◆ **Directions for this task**: When you reach the line in the data below that contains "- added J11, J8: Conn_01x03_Pin, symbol", please start repeating lines exactly, and stop after the line that contains "- net I2C1_SCL: now also J11.2 (Pin_2)", repeating nothing else.

*** Data shown

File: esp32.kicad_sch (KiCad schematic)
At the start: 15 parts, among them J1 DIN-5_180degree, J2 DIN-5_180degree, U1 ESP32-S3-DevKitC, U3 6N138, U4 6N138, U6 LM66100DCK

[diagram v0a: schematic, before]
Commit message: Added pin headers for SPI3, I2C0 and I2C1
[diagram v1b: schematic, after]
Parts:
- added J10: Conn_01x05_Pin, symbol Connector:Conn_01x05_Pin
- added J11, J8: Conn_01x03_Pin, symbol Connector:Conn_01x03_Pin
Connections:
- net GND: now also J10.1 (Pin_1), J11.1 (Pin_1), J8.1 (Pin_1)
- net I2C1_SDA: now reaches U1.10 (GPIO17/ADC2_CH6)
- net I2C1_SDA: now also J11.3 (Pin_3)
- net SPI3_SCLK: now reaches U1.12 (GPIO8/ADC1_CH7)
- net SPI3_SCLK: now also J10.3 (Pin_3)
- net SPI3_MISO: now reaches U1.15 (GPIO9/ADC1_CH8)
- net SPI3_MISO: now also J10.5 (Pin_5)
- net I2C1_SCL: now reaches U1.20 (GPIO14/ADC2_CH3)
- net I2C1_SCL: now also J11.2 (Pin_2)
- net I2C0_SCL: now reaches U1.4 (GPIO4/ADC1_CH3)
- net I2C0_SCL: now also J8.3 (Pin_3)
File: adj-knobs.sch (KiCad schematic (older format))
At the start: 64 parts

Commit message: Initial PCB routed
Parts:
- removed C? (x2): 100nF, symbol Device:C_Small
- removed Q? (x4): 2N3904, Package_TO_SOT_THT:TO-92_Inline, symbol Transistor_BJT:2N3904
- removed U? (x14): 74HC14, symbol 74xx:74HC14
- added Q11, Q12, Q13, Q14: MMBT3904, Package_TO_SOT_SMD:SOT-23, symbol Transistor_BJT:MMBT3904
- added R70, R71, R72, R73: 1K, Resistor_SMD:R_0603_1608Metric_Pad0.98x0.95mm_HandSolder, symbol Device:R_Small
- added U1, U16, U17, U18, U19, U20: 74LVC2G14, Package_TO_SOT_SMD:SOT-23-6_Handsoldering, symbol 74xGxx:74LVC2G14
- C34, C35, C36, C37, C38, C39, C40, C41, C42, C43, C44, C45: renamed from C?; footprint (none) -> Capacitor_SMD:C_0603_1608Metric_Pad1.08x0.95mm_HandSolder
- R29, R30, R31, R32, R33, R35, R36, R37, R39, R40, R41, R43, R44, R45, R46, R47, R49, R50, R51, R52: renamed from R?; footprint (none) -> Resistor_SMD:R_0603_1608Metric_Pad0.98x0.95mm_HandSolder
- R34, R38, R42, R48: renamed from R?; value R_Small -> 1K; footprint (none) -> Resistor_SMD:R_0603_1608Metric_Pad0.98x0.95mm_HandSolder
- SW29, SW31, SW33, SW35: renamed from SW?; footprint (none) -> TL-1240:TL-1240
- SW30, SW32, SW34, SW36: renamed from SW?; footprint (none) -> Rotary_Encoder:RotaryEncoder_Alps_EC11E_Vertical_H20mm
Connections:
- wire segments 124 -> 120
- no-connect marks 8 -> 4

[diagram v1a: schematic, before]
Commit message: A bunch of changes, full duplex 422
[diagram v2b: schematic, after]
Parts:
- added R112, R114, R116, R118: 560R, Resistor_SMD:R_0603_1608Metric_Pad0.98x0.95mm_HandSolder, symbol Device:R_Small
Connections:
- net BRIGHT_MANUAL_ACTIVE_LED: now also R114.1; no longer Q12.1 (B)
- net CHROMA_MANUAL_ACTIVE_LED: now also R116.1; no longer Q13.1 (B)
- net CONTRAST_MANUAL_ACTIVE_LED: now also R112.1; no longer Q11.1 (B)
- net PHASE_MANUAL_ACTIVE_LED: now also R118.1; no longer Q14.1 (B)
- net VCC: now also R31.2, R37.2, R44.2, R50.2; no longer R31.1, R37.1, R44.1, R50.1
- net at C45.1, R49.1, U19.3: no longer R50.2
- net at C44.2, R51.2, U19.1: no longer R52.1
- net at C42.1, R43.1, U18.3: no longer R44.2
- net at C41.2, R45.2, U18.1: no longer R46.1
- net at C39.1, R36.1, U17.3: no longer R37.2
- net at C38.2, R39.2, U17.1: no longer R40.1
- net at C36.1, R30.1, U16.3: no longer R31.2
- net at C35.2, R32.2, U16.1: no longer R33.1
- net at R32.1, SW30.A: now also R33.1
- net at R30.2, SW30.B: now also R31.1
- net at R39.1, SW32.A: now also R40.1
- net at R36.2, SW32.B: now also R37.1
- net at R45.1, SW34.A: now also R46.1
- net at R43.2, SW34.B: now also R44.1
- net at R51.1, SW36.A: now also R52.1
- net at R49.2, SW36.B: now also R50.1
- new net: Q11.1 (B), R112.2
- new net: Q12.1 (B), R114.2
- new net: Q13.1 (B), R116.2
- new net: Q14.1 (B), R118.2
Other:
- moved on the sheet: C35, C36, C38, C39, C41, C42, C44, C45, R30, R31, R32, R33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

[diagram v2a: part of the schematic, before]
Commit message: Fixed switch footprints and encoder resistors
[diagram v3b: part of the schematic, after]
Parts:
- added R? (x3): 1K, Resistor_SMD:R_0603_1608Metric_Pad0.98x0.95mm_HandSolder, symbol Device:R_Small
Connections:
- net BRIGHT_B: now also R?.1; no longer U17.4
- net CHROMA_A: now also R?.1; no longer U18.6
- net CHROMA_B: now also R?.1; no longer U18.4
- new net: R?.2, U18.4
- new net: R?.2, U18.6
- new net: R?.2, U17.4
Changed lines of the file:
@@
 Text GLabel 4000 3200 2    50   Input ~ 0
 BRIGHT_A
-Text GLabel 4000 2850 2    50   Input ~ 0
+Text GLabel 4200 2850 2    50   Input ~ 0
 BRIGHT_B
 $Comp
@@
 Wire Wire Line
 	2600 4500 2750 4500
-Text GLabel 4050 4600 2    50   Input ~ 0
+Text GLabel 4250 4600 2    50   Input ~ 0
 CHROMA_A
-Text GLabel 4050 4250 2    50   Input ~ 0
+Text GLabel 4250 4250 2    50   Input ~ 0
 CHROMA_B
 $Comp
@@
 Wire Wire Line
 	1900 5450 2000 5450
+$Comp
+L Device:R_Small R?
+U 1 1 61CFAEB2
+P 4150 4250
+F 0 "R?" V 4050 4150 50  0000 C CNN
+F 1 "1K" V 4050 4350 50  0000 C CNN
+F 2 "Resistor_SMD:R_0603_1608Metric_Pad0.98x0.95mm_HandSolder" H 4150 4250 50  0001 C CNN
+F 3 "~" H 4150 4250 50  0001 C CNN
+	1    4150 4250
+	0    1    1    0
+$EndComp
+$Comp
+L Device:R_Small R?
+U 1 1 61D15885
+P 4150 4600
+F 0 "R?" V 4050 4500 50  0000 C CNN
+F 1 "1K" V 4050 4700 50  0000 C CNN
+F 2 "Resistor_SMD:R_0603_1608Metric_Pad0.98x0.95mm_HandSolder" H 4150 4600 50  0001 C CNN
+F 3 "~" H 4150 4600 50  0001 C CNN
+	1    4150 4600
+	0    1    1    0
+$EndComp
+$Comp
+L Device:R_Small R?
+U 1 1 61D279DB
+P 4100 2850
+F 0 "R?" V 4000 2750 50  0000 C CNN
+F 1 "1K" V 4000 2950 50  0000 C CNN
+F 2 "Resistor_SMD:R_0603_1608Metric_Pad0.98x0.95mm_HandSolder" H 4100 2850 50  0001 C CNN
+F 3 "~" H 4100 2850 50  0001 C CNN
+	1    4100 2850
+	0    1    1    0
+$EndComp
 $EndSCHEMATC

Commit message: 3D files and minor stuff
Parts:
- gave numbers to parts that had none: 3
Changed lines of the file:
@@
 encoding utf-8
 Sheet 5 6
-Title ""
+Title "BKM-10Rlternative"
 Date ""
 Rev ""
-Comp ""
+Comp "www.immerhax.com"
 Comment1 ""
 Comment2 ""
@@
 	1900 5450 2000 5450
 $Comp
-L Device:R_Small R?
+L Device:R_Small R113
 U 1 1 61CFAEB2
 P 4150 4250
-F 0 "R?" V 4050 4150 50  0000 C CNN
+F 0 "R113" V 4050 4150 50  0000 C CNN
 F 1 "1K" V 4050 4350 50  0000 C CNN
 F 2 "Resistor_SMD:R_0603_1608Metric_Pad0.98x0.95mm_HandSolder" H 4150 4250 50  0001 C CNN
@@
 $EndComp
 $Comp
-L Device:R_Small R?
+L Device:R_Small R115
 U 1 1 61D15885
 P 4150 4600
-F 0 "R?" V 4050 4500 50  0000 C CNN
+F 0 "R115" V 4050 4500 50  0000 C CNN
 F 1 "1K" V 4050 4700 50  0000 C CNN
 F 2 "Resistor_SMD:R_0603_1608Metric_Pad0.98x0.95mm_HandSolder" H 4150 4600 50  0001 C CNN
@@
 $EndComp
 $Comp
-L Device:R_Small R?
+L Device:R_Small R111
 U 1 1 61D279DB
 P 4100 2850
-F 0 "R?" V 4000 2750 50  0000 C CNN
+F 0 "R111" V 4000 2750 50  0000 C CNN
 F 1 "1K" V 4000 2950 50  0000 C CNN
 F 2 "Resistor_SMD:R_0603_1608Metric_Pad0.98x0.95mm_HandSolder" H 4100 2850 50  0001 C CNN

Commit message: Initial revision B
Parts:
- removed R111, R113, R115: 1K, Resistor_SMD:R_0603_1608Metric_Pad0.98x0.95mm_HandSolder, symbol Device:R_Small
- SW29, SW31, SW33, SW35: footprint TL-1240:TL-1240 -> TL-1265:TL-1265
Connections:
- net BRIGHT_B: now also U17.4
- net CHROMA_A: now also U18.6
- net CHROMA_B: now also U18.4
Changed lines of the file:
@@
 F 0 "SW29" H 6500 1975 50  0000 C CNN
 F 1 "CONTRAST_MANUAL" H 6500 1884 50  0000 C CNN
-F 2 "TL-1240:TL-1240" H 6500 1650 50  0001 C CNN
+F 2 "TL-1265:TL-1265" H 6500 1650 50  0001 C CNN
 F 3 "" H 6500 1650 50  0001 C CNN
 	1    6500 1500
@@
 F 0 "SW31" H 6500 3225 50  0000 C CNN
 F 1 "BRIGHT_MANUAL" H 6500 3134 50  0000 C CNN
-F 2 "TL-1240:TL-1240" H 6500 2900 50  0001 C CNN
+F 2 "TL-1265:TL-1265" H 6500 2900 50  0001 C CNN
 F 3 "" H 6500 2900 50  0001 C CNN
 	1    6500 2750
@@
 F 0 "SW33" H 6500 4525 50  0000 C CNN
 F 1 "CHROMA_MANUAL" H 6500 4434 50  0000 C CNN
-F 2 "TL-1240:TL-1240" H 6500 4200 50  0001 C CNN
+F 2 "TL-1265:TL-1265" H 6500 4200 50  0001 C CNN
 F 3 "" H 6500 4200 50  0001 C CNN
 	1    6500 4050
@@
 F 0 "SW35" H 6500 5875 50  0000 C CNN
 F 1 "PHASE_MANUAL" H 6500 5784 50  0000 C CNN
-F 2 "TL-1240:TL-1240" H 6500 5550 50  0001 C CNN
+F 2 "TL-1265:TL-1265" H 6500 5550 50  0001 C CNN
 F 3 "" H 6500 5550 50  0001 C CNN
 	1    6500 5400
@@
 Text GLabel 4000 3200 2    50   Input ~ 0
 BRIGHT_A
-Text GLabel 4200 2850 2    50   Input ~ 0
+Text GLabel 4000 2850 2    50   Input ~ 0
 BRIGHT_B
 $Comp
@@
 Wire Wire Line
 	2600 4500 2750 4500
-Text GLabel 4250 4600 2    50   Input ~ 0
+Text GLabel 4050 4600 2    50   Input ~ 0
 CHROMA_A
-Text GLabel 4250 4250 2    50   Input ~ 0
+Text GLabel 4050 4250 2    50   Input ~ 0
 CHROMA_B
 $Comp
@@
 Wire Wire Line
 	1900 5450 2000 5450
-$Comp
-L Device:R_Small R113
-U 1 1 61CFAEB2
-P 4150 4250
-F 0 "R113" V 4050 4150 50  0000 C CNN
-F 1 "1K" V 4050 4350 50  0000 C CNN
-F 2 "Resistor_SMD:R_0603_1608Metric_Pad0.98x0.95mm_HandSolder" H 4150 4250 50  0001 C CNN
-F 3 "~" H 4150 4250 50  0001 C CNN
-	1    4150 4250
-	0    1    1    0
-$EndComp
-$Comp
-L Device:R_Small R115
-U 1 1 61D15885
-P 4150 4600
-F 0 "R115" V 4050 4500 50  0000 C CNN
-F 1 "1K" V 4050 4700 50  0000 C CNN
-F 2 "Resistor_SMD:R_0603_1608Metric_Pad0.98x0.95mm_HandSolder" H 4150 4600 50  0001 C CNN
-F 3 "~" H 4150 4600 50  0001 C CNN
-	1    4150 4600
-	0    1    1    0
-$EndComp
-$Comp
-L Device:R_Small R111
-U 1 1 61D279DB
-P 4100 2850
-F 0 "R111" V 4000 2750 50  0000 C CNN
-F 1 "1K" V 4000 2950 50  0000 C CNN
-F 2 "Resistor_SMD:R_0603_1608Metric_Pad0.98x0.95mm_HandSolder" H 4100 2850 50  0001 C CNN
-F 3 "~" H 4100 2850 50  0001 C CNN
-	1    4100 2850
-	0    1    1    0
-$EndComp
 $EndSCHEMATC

******

◆ **Written response**:
- added J11, J8: Conn_01x03_Pin, symbol Connector:Conn_01x03_Pin
Connections:
- net GND: now also J10.1 (Pin_1), J11.1 (Pin_1), J8.1 (Pin_1)
- net I2C1_SDA: now reaches U1.10 (GPIO17/ADC2_CH6)
- net I2C1_SDA: now also J11.3 (Pin_3)
- net SPI3_SCLK: now reaches U1.12 (GPIO8/ADC1_CH7)
- net SPI3_SCLK: now also J10.3 (Pin_3)
- net SPI3_MISO: now reaches U1.15 (GPIO9/ADC1_CH8)
- net SPI3_MISO: now also J10.5 (Pin_5)
- net I2C1_SCL: now reaches U1.20 (GPIO14/ADC2_CH3)
- net I2C1_SCL: now also J11.2 (Pin_2)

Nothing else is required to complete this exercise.